Diana:Before The Royal Family

Princess Diana was born Diana Frances Spencer on July 1, 1961 at Park House, the home her parents rented on the British royal family's estate at Sandringham.

 Her parents were Edward John and Frances Spencer Viscount and Viscountess Althorp, later Earl and Countess Spencer. Diana had two older sisters, Sarah and Jane, and a younger brother, Charles. When she was 6 her parents split up and her mother got married to businessman, Peter Shand-Kydd. 
Diana's father received custody of the children. In 1975 he became the eighth Earl Spencer, making Diana a Lady. Diana and her siblings moved to Althorp, the Spencer family estate in Northampton.

The Spencer children continued to see their mother regularly and often spent school holidays at Frances' new home in the north-west of Scotland. As was the custom among the aristocracy at the time, when she was about 8 Diana was sent off to boarding school first at Riddlesworth Hall and later to West Heath Girls School in Kent.

Earl Spencer's second marriage to Raine, formerly Countess of Dartmouth and daughter of the romantic novelist Barbara Cartland, and a colourful and strong headed character, did not meet with the approval of his children, and it was never to be a peaceful household. On her arrival 'Raine stopped play' was caustically entered into the visitor book at Althrop.

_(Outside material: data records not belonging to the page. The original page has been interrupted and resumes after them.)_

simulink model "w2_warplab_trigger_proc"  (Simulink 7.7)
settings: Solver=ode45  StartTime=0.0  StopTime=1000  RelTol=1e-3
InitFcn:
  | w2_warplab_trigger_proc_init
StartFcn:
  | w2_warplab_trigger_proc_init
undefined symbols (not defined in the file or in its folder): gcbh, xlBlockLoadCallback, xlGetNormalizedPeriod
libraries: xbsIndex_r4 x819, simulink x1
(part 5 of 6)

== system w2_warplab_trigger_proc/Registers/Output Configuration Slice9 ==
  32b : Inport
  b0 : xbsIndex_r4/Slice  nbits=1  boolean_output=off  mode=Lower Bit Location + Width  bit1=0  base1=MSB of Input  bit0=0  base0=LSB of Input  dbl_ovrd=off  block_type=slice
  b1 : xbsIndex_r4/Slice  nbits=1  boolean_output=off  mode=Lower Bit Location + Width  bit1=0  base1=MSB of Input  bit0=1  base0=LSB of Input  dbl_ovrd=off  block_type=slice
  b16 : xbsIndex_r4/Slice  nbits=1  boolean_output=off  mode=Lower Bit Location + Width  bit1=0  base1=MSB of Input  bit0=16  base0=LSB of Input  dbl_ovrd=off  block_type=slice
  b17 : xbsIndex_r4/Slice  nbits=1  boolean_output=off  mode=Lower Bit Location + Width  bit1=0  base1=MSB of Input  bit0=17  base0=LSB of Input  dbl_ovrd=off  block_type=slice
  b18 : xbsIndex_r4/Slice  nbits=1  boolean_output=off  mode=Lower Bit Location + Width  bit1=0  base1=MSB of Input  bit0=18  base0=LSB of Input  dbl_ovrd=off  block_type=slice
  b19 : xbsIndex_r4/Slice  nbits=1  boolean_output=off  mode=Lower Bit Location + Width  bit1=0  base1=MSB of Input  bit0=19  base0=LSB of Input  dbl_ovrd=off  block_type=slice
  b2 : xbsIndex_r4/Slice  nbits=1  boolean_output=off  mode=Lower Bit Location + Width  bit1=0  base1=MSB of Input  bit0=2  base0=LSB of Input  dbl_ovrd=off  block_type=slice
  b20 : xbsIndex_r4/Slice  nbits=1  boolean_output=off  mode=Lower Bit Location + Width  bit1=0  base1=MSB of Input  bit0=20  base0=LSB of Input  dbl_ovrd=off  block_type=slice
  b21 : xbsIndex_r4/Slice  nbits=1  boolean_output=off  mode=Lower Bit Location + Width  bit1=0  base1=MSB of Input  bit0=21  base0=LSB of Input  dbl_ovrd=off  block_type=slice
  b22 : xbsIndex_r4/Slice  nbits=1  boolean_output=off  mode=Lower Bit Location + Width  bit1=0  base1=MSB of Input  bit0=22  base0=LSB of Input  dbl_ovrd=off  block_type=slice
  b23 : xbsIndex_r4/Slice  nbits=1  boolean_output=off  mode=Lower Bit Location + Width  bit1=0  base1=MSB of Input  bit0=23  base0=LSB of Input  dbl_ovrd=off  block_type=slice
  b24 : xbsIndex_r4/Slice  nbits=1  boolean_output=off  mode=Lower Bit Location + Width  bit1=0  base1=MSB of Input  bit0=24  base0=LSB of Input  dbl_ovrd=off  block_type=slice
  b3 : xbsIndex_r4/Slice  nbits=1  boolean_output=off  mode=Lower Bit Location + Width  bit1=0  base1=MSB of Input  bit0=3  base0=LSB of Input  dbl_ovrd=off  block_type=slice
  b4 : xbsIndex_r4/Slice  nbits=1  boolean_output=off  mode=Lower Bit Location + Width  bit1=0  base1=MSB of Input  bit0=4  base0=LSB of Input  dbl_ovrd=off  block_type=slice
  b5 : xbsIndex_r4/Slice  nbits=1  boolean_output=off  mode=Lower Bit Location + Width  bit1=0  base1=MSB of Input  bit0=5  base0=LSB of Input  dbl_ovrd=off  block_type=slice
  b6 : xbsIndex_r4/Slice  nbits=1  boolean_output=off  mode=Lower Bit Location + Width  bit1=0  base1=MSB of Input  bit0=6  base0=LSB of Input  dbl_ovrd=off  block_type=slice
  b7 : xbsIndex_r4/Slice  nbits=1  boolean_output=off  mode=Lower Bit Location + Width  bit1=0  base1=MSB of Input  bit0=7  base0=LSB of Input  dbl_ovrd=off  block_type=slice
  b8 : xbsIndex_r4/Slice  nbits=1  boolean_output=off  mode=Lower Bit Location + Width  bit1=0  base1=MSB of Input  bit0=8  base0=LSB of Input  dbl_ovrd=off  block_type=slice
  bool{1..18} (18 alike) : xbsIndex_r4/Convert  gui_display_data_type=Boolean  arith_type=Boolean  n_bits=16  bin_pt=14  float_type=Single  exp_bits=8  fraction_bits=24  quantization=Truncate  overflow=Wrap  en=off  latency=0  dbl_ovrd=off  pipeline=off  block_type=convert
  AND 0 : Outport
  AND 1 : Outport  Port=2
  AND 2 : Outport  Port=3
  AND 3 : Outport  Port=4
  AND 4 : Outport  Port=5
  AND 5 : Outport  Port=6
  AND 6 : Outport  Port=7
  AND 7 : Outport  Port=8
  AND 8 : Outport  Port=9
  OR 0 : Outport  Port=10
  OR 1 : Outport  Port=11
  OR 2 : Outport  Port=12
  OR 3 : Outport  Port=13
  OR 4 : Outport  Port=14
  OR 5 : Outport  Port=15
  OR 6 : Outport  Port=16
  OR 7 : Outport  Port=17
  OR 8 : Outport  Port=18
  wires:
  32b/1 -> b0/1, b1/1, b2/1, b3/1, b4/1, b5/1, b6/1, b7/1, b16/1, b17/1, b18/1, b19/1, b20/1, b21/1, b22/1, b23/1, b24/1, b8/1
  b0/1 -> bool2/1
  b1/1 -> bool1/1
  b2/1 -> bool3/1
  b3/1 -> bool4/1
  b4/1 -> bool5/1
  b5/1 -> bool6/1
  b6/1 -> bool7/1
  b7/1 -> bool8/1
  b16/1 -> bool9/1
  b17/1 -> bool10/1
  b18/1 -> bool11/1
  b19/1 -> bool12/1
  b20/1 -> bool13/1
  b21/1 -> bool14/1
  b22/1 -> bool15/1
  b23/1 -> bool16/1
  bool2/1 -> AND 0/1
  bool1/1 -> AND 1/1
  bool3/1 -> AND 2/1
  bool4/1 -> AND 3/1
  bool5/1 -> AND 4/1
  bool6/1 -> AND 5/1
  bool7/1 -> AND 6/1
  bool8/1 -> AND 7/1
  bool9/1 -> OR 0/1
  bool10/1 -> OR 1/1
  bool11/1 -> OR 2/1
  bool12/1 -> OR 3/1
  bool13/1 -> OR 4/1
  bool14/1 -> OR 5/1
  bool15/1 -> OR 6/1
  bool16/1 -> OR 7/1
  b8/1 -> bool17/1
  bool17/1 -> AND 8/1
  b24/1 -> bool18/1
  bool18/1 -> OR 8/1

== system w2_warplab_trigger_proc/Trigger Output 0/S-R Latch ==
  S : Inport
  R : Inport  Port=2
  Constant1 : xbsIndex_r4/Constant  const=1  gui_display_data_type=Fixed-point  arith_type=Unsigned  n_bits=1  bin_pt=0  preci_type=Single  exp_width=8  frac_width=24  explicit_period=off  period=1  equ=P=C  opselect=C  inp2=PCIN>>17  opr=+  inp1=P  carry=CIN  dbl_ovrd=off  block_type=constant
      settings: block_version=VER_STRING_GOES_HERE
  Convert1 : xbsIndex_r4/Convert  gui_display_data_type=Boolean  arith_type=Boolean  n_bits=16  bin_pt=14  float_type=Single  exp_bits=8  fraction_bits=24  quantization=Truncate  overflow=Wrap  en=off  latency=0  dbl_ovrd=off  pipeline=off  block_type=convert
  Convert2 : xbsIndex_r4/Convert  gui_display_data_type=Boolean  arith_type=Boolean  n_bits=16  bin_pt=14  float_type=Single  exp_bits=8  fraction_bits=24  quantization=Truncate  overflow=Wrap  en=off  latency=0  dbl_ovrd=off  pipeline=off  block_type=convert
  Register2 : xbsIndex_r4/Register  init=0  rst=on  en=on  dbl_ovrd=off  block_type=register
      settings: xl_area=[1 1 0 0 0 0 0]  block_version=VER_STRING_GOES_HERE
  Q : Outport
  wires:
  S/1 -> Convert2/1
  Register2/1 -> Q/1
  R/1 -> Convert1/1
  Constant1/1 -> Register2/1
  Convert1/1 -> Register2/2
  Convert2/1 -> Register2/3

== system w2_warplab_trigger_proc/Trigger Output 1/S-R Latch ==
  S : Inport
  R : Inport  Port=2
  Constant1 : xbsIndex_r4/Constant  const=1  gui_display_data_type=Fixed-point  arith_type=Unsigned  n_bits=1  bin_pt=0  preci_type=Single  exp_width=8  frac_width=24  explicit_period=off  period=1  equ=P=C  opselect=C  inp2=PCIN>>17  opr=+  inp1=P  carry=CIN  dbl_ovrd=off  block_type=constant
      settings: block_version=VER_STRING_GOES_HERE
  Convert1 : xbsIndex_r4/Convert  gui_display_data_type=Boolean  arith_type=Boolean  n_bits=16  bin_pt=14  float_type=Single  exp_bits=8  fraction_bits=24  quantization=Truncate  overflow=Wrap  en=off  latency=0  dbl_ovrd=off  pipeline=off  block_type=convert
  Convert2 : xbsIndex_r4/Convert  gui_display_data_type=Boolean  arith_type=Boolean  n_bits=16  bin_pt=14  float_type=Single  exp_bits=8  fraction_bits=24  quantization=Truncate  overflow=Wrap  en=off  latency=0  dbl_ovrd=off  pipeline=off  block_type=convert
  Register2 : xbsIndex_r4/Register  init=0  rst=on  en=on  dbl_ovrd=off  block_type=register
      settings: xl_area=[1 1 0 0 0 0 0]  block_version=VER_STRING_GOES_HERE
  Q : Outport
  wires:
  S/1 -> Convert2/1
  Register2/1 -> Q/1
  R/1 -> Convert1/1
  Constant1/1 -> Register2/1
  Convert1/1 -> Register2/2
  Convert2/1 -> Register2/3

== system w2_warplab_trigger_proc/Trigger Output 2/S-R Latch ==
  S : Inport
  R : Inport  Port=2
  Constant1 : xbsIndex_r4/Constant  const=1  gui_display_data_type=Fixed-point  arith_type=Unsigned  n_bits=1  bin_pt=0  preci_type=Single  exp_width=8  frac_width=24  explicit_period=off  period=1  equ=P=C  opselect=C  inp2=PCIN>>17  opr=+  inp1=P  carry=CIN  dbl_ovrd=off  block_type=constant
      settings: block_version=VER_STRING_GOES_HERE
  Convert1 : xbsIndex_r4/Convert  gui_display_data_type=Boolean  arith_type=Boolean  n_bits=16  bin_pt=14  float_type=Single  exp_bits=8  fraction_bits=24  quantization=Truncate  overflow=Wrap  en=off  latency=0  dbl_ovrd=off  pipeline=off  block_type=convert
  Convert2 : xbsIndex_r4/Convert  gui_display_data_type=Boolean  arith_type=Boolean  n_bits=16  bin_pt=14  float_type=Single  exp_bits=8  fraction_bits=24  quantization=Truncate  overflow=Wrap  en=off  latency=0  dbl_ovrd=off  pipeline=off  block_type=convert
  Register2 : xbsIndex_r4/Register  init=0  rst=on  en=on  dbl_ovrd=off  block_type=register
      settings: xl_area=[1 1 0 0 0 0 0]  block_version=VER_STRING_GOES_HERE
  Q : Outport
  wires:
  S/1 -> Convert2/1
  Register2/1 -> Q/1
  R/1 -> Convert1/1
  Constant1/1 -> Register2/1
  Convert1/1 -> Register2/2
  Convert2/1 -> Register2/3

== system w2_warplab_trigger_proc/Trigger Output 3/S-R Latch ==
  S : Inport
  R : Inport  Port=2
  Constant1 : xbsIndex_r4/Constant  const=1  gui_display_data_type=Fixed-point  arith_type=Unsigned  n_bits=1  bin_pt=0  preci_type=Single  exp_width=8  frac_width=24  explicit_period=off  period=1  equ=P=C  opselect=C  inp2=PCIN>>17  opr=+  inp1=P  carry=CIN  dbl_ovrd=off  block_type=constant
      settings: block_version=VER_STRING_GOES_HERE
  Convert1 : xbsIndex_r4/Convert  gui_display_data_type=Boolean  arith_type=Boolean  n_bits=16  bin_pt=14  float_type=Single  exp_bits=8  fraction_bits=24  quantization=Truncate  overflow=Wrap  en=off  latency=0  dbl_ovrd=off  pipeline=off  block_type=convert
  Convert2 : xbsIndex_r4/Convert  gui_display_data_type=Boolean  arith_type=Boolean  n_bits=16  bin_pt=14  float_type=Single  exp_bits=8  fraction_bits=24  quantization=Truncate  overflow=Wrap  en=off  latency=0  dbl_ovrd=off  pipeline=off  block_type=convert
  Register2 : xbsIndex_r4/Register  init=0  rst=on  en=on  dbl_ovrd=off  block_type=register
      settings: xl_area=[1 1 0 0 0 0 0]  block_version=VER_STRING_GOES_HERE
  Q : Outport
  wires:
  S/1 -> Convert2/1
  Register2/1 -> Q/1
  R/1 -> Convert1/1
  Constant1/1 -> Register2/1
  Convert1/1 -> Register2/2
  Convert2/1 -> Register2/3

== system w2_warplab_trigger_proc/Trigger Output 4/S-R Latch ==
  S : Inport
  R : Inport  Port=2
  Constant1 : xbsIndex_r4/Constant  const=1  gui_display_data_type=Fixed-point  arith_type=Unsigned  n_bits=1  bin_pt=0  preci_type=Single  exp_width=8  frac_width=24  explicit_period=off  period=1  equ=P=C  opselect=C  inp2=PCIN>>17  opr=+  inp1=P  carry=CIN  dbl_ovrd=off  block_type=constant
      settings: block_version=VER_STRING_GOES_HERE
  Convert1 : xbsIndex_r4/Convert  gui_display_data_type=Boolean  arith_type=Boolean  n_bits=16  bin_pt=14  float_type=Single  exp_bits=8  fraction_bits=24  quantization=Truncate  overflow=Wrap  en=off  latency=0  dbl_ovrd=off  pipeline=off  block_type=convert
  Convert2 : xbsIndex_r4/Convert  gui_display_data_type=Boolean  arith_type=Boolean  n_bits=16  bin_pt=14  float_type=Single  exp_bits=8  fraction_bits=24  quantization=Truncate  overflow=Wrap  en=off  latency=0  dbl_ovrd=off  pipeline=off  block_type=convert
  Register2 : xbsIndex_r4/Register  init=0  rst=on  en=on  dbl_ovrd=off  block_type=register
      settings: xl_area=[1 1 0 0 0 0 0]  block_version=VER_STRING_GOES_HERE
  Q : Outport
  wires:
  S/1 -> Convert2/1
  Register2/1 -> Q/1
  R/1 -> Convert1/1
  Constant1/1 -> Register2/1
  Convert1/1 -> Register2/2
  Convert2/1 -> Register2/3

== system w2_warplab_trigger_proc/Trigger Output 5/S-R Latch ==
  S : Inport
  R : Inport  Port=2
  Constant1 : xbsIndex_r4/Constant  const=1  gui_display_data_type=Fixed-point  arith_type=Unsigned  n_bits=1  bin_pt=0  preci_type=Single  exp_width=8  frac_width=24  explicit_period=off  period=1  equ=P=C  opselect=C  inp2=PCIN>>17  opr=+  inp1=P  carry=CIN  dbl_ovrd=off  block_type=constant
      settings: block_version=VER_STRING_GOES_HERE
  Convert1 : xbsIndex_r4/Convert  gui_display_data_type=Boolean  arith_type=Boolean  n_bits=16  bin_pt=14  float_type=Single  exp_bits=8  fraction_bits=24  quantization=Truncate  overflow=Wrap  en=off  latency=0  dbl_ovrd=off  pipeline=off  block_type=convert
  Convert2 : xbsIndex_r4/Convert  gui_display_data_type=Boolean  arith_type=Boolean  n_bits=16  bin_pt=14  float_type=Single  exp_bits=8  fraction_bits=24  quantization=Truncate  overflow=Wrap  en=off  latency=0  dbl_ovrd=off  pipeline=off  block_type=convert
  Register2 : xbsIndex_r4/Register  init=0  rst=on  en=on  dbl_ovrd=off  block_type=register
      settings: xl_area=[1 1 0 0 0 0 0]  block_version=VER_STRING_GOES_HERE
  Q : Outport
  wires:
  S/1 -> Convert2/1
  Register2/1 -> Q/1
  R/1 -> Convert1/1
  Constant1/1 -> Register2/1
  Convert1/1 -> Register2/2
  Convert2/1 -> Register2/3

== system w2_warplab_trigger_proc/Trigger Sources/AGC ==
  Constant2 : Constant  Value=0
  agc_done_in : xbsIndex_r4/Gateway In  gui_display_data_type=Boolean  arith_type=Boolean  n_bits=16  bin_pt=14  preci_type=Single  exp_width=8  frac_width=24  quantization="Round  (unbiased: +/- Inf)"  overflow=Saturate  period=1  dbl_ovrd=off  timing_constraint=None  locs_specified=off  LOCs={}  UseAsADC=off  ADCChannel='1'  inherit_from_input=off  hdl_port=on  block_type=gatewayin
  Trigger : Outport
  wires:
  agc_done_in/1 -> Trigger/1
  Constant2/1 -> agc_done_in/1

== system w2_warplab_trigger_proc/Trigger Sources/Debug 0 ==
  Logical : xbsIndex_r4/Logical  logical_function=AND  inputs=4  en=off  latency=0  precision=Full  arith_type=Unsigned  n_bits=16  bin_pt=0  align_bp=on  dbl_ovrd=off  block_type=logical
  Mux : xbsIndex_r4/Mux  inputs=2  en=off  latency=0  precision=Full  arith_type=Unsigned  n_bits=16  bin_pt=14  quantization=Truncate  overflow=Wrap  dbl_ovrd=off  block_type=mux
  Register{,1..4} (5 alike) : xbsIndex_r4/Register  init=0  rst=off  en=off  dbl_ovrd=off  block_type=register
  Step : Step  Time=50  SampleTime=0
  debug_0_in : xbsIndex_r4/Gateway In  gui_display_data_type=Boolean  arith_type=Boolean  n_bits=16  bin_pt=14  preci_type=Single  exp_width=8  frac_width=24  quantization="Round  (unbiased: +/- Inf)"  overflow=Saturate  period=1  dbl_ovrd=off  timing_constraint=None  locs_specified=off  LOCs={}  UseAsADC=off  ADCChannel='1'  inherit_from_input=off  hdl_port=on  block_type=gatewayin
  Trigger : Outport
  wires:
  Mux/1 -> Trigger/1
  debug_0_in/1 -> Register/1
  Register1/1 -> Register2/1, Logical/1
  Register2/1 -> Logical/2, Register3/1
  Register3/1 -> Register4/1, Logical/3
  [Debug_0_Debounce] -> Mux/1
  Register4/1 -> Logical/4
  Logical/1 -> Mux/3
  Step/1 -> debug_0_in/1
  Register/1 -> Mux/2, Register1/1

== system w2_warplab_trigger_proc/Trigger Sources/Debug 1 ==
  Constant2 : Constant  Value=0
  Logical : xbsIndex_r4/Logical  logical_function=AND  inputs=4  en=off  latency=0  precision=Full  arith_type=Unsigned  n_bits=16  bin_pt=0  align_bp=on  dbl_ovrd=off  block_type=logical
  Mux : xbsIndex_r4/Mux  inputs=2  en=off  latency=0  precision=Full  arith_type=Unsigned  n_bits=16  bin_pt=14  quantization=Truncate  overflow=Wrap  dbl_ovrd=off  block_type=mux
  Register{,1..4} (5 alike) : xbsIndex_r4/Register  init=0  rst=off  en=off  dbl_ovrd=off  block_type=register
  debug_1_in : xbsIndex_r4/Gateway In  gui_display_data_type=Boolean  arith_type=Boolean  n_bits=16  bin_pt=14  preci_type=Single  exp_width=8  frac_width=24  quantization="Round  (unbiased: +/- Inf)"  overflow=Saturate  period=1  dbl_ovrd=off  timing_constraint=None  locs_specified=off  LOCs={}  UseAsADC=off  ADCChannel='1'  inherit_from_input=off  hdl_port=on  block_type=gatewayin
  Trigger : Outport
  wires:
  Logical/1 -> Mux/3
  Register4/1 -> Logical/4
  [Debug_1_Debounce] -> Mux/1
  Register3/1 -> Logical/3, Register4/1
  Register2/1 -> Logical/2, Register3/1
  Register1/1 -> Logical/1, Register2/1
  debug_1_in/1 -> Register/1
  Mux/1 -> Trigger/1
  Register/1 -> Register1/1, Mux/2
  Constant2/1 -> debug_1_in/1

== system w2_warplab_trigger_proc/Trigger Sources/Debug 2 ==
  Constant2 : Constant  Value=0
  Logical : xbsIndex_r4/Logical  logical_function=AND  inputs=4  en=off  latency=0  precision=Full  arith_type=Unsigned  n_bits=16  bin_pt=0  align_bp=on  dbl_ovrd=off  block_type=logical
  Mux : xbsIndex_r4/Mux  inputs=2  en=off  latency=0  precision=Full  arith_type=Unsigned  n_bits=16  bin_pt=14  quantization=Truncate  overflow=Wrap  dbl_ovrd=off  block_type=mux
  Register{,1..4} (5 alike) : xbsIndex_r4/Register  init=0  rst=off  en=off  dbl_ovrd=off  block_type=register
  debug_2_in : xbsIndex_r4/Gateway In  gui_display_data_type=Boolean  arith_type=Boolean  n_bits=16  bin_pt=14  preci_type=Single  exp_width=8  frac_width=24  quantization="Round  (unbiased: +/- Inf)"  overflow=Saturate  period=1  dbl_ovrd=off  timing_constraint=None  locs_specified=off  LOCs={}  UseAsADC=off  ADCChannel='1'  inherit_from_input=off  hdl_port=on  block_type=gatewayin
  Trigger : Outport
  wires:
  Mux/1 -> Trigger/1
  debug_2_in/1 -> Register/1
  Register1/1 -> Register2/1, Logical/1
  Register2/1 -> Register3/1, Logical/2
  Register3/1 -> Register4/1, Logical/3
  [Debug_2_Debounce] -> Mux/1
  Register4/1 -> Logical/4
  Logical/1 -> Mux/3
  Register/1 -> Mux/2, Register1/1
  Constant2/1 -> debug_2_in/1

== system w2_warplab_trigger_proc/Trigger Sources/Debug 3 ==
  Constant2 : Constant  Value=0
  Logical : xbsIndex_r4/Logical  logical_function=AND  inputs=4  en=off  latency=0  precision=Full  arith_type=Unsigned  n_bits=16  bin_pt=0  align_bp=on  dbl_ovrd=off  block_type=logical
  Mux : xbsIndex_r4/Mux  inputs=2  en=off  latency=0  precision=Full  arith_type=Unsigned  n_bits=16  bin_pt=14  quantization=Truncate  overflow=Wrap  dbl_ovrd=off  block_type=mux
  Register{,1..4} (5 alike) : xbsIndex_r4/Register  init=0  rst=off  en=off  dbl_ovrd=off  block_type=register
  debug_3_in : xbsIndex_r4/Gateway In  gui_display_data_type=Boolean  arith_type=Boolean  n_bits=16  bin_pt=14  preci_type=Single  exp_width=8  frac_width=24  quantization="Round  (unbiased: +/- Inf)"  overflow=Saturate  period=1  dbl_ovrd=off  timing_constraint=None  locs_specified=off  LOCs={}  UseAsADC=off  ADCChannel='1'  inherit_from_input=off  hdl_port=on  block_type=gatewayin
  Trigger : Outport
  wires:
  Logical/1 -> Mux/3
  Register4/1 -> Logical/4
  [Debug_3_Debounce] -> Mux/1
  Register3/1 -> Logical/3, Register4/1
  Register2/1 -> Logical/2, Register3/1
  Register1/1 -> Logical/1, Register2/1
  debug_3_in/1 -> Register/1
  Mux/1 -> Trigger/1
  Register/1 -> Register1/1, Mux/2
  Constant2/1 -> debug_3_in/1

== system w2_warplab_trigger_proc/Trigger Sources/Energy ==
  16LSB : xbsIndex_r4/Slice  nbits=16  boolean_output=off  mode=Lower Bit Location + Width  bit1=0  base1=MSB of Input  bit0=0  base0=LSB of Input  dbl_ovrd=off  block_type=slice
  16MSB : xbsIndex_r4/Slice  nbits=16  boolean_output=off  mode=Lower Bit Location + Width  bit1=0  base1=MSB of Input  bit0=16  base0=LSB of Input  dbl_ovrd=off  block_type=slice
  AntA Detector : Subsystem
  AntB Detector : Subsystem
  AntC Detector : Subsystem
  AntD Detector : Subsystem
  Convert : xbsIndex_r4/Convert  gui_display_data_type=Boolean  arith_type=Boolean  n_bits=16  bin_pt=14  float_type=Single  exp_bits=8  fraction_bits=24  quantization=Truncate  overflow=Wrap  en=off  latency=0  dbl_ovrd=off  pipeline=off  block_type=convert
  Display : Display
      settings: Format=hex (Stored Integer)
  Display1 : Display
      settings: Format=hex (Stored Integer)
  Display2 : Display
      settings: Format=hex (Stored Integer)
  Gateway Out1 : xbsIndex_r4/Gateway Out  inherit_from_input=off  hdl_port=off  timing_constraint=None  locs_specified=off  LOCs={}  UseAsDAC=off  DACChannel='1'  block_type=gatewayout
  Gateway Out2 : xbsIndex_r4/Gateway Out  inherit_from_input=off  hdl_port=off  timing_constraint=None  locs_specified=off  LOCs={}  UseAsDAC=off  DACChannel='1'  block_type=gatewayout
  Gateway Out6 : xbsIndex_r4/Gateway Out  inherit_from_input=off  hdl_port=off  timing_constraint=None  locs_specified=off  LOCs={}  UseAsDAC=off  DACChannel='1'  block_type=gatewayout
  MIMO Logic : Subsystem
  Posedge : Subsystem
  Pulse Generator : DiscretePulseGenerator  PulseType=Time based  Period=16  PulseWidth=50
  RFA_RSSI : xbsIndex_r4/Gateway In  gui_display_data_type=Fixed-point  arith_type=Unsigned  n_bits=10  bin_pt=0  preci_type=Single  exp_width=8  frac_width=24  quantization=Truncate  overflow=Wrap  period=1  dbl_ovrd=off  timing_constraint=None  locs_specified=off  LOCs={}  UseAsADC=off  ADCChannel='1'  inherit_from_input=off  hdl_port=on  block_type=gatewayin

Diana never enjoyed the academic life and on leaving school at sixteen without a single 'O' level was enrolled at a Swiss finishing school, the Institut Alpin Vidamenette. 
She suffered terrible homesickness, and after two weeks of pleading letters her parents allowed her to return, and her indulgent father bought her a London flat, which she shared with friends.
As she had always been fond of children, she embarked on a career first as a nanny and later as a nursery assistant at the Young England Kindergarten in Pimlico, London. It was here that she first attracted the attention of the British Press.